Collected data:
***
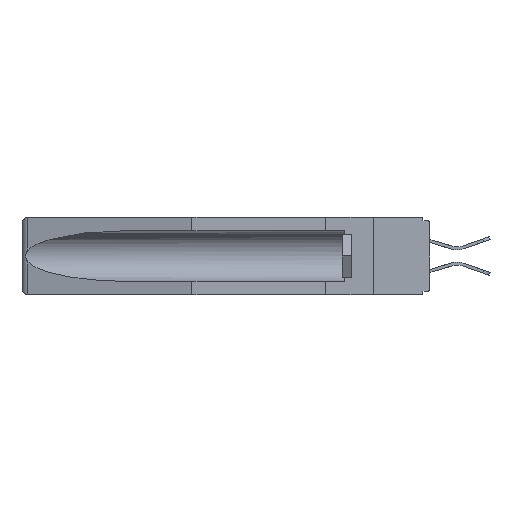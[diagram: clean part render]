
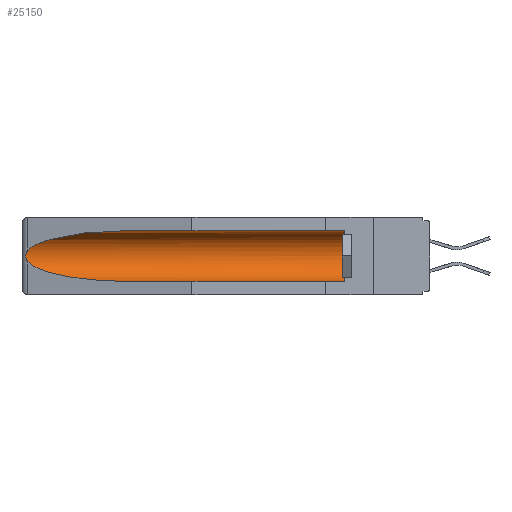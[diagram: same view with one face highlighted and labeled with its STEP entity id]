
A CAD part, left-side view. The second image highlights one B-rep face of the part: STEP entity #25150.
In plain terms, the highlighted cylindrical face has radius 2.857 mm (diameter 5.715 mm), a partial arc.
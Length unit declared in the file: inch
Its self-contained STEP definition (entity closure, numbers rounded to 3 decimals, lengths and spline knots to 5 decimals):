
#352 = ORIENTED_EDGE ( 'NONE', *, *, #2801, .T. ) ;
#1607 = CARTESIAN_POINT ( 'NONE',  ( 0.26654, 1.53092, -0.15636 ) ) ;
#1694 = CARTESIAN_POINT ( 'NONE',  ( 0.26597, 1.5296, -0.19026 ) ) ;
#2445 =( BOUNDED_CURVE ( )  B_SPLINE_CURVE ( 3, ( #4032, #6491, #28136, #21597 ),
 .UNSPECIFIED., .F., .F. ) 
 B_SPLINE_CURVE_WITH_KNOTS ( ( 4, 4 ),
 ( 4.71239, 6.08839 ),
 .UNSPECIFIED. ) 
 CURVE ( )  GEOMETRIC_REPRESENTATION_ITEM ( )  RATIONAL_B_SPLINE_CURVE ( ( 1., 0.848, 0.848, 1. ) ) 
 REPRESENTATION_ITEM ( '' )  );
#2606 = CARTESIAN_POINT ( 'NONE',  ( 0.21114, 1.30732, -0.284 ) ) ;
#2801 = EDGE_CURVE ( 'NONE', #8232, #19452, #9035, .T. ) ;
#4032 = CARTESIAN_POINT ( 'NONE',  ( 0.155, 1.07973, -0.059 ) ) ;
#4158 = CYLINDRICAL_SURFACE ( 'NONE', #27321, 0.1125 ) ;
#4563 = CARTESIAN_POINT ( 'NONE',  ( 0.26537, 1.52718, -0.14972 ) ) ;
#5039 = EDGE_CURVE ( 'NONE', #15097, #16719, #12621, .T. ) ;
#6170 = DIRECTION ( 'NONE',  ( 0., 0., 1. ) ) ;
#6491 = CARTESIAN_POINT ( 'NONE',  ( 0.21114, 1.30732, -0.059 ) ) ;
#6624 = VERTEX_POINT ( 'NONE', #15486 ) ;
#7519 = CARTESIAN_POINT ( 'NONE',  ( 0.26537, 1.52718, -0.19328 ) ) ;
#7765 = DIRECTION ( 'NONE',  ( 0., 1., 0. ) ) ;
#7867 = CARTESIAN_POINT ( 'NONE',  ( 0.155, -0.30754, -0.059 ) ) ;
#8232 = VERTEX_POINT ( 'NONE', #21573 ) ;
#9035 = CIRCLE ( 'NONE', #14110, 0.1125 ) ;
#12252 = LINE ( 'NONE', #12522, #22838 ) ;
#12270 = ORIENTED_EDGE ( 'NONE', *, *, #19622, .T. ) ;
#12433 = CARTESIAN_POINT ( 'NONE',  ( 0.2673, 1.5327, -0.16383 ) ) ;
#12522 = CARTESIAN_POINT ( 'NONE',  ( 0.155, -0.30754, -0.284 ) ) ;
#12588 = ORIENTED_EDGE ( 'NONE', *, *, #13087, .T. ) ;
#12621 = B_SPLINE_CURVE_WITH_KNOTS ( 'NONE', 3,
 ( #16995, #21085, #1607, #12433, #14603, #23400, #14792, #14508, #1694, #25443 ),
 .UNSPECIFIED., .F., .F.,
 ( 4, 2, 2, 2, 4 ),
 ( 0., 0.00029, 0.00058, 0.00087, 0.00117 ),
 .UNSPECIFIED. ) ;
#12641 = CARTESIAN_POINT ( 'NONE',  ( 0.155, 1.07973, -0.284 ) ) ;
#13087 = EDGE_CURVE ( 'NONE', #16719, #13568, #25055, .T. ) ;
#13568 = VERTEX_POINT ( 'NONE', #12641 ) ;
#14011 = EDGE_CURVE ( 'NONE', #6624, #15097, #2445, .T. ) ;
#14110 = AXIS2_PLACEMENT_3D ( 'NONE', #27987, #14685, #6170 ) ;
#14508 = CARTESIAN_POINT ( 'NONE',  ( 0.26655, 1.53094, -0.18657 ) ) ;
#14603 = CARTESIAN_POINT ( 'NONE',  ( 0.2675, 1.53308, -0.16763 ) ) ;
#14685 = DIRECTION ( 'NONE',  ( 0., -1., 0. ) ) ;
#14792 = CARTESIAN_POINT ( 'NONE',  ( 0.2673, 1.53269, -0.17917 ) ) ;
#15097 = VERTEX_POINT ( 'NONE', #4563 ) ;
#15486 = CARTESIAN_POINT ( 'NONE',  ( 0.155, 1.07973, -0.059 ) ) ;
#15712 = CARTESIAN_POINT ( 'NONE',  ( 0.25451, 1.48313, -0.24835 ) ) ;
#16719 = VERTEX_POINT ( 'NONE', #7519 ) ;
#16797 = FACE_OUTER_BOUND ( 'NONE', #22607, .T. ) ;
#16995 = CARTESIAN_POINT ( 'NONE',  ( 0.26537, 1.52718, -0.14972 ) ) ;
#17897 = CARTESIAN_POINT ( 'NONE',  ( 0.155, 1.07973, -0.284 ) ) ;
#18720 = ORIENTED_EDGE ( 'NONE', *, *, #20466, .F. ) ;
#19361 = CARTESIAN_POINT ( 'NONE',  ( 0.155, -0.30754, -0.1715 ) ) ;
#19452 = VERTEX_POINT ( 'NONE', #23726 ) ;
#19622 = EDGE_CURVE ( 'NONE', #19452, #6624, #24655, .T. ) ;
#20266 = ORIENTED_EDGE ( 'NONE', *, *, #14011, .T. ) ;
#20466 = EDGE_CURVE ( 'NONE', #8232, #13568, #12252, .T. ) ;
#20472 = VECTOR ( 'NONE', #7765, 39.37008 ) ;
#21085 = CARTESIAN_POINT ( 'NONE',  ( 0.26597, 1.52961, -0.15275 ) ) ;
#21573 = CARTESIAN_POINT ( 'NONE',  ( 0.155, 0.126, -0.284 ) ) ;
#21597 = CARTESIAN_POINT ( 'NONE',  ( 0.26537, 1.52718, -0.14972 ) ) ;
#21775 = DIRECTION ( 'NONE',  ( 0., 1., 0. ) ) ;
#22327 = ORIENTED_EDGE ( 'NONE', *, *, #5039, .T. ) ;
#22607 = EDGE_LOOP ( 'NONE', ( #20266, #22327, #12588, #18720, #352, #12270 ) ) ;
#22838 = VECTOR ( 'NONE', #27805, 39.37008 ) ;
#23400 = CARTESIAN_POINT ( 'NONE',  ( 0.2675, 1.53308, -0.17534 ) ) ;
#23726 = CARTESIAN_POINT ( 'NONE',  ( 0.155, 0.126, -0.059 ) ) ;
#24655 = LINE ( 'NONE', #7867, #20472 ) ;
#25055 =( BOUNDED_CURVE ( )  B_SPLINE_CURVE ( 3, ( #26858, #15712, #2606, #17897 ),
 .UNSPECIFIED., .F., .F. ) 
 B_SPLINE_CURVE_WITH_KNOTS ( ( 4, 4 ),
 ( 0.1948, 1.5708 ),
 .UNSPECIFIED. ) 
 CURVE ( )  GEOMETRIC_REPRESENTATION_ITEM ( )  RATIONAL_B_SPLINE_CURVE ( ( 1., 0.848, 0.848, 1. ) ) 
 REPRESENTATION_ITEM ( '' )  );
#25150 = ADVANCED_FACE ( 'NONE', ( #16797 ), #4158, .F. ) ;
#25443 = CARTESIAN_POINT ( 'NONE',  ( 0.26537, 1.52718, -0.19328 ) ) ;
#26147 = DIRECTION ( 'NONE',  ( 0., 0., 1. ) ) ;
#26858 = CARTESIAN_POINT ( 'NONE',  ( 0.26537, 1.52718, -0.19328 ) ) ;
#27321 = AXIS2_PLACEMENT_3D ( 'NONE', #19361, #21775, #26147 ) ;
#27805 = DIRECTION ( 'NONE',  ( 0., 1., 0. ) ) ;
#27987 = CARTESIAN_POINT ( 'NONE',  ( 0.155, 0.126, -0.1715 ) ) ;
#28136 = CARTESIAN_POINT ( 'NONE',  ( 0.25451, 1.48313, -0.09465 ) ) ;
***
EXERCISE INSTRUCTIONS:
After locating the line holding "#12588 = ORIENTED_EDGE" above, output exactly that line and every line after it through the line holding "#22327 = ORIENTED_EDGE". Include nothing else.

TASK RESPONSE:
#12588 = ORIENTED_EDGE ( 'NONE', *, *, #13087, .T. ) ;
#12621 = B_SPLINE_CURVE_WITH_KNOTS ( 'NONE', 3,
 ( #16995, #21085, #1607, #12433, #14603, #23400, #14792, #14508, #1694, #25443 ),
 .UNSPECIFIED., .F., .F.,
 ( 4, 2, 2, 2, 4 ),
 ( 0., 0.00029, 0.00058, 0.00087, 0.00117 ),
 .UNSPECIFIED. ) ;
#12641 = CARTESIAN_POINT ( 'NONE',  ( 0.155, 1.07973, -0.284 ) ) ;
#13087 = EDGE_CURVE ( 'NONE', #16719, #13568, #25055, .T. ) ;
#13568 = VERTEX_POINT ( 'NONE', #12641 ) ;
#14011 = EDGE_CURVE ( 'NONE', #6624, #15097, #2445, .T. ) ;
#14110 = AXIS2_PLACEMENT_3D ( 'NONE', #27987, #14685, #6170 ) ;
#14508 = CARTESIAN_POINT ( 'NONE',  ( 0.26655, 1.53094, -0.18657 ) ) ;
#14603 = CARTESIAN_POINT ( 'NONE',  ( 0.2675, 1.53308, -0.16763 ) ) ;
#14685 = DIRECTION ( 'NONE',  ( 0., -1., 0. ) ) ;
#14792 = CARTESIAN_POINT ( 'NONE',  ( 0.2673, 1.53269, -0.17917 ) ) ;
#15097 = VERTEX_POINT ( 'NONE', #4563 ) ;
#15486 = CARTESIAN_POINT ( 'NONE',  ( 0.155, 1.07973, -0.059 ) ) ;
#15712 = CARTESIAN_POINT ( 'NONE',  ( 0.25451, 1.48313, -0.24835 ) ) ;
#16719 = VERTEX_POINT ( 'NONE', #7519 ) ;
#16797 = FACE_OUTER_BOUND ( 'NONE', #22607, .T. ) ;
#16995 = CARTESIAN_POINT ( 'NONE',  ( 0.26537, 1.52718, -0.14972 ) ) ;
#17897 = CARTESIAN_POINT ( 'NONE',  ( 0.155, 1.07973, -0.284 ) ) ;
#18720 = ORIENTED_EDGE ( 'NONE', *, *, #20466, .F. ) ;
#19361 = CARTESIAN_POINT ( 'NONE',  ( 0.155, -0.30754, -0.1715 ) ) ;
#19452 = VERTEX_POINT ( 'NONE', #23726 ) ;
#19622 = EDGE_CURVE ( 'NONE', #19452, #6624, #24655, .T. ) ;
#20266 = ORIENTED_EDGE ( 'NONE', *, *, #14011, .T. ) ;
#20466 = EDGE_CURVE ( 'NONE', #8232, #13568, #12252, .T. ) ;
#20472 = VECTOR ( 'NONE', #7765, 39.37008 ) ;
#21085 = CARTESIAN_POINT ( 'NONE',  ( 0.26597, 1.52961, -0.15275 ) ) ;
#21573 = CARTESIAN_POINT ( 'NONE',  ( 0.155, 0.126, -0.284 ) ) ;
#21597 = CARTESIAN_POINT ( 'NONE',  ( 0.26537, 1.52718, -0.14972 ) ) ;
#21775 = DIRECTION ( 'NONE',  ( 0., 1., 0. ) ) ;
#22327 = ORIENTED_EDGE ( 'NONE', *, *, #5039, .T. ) ;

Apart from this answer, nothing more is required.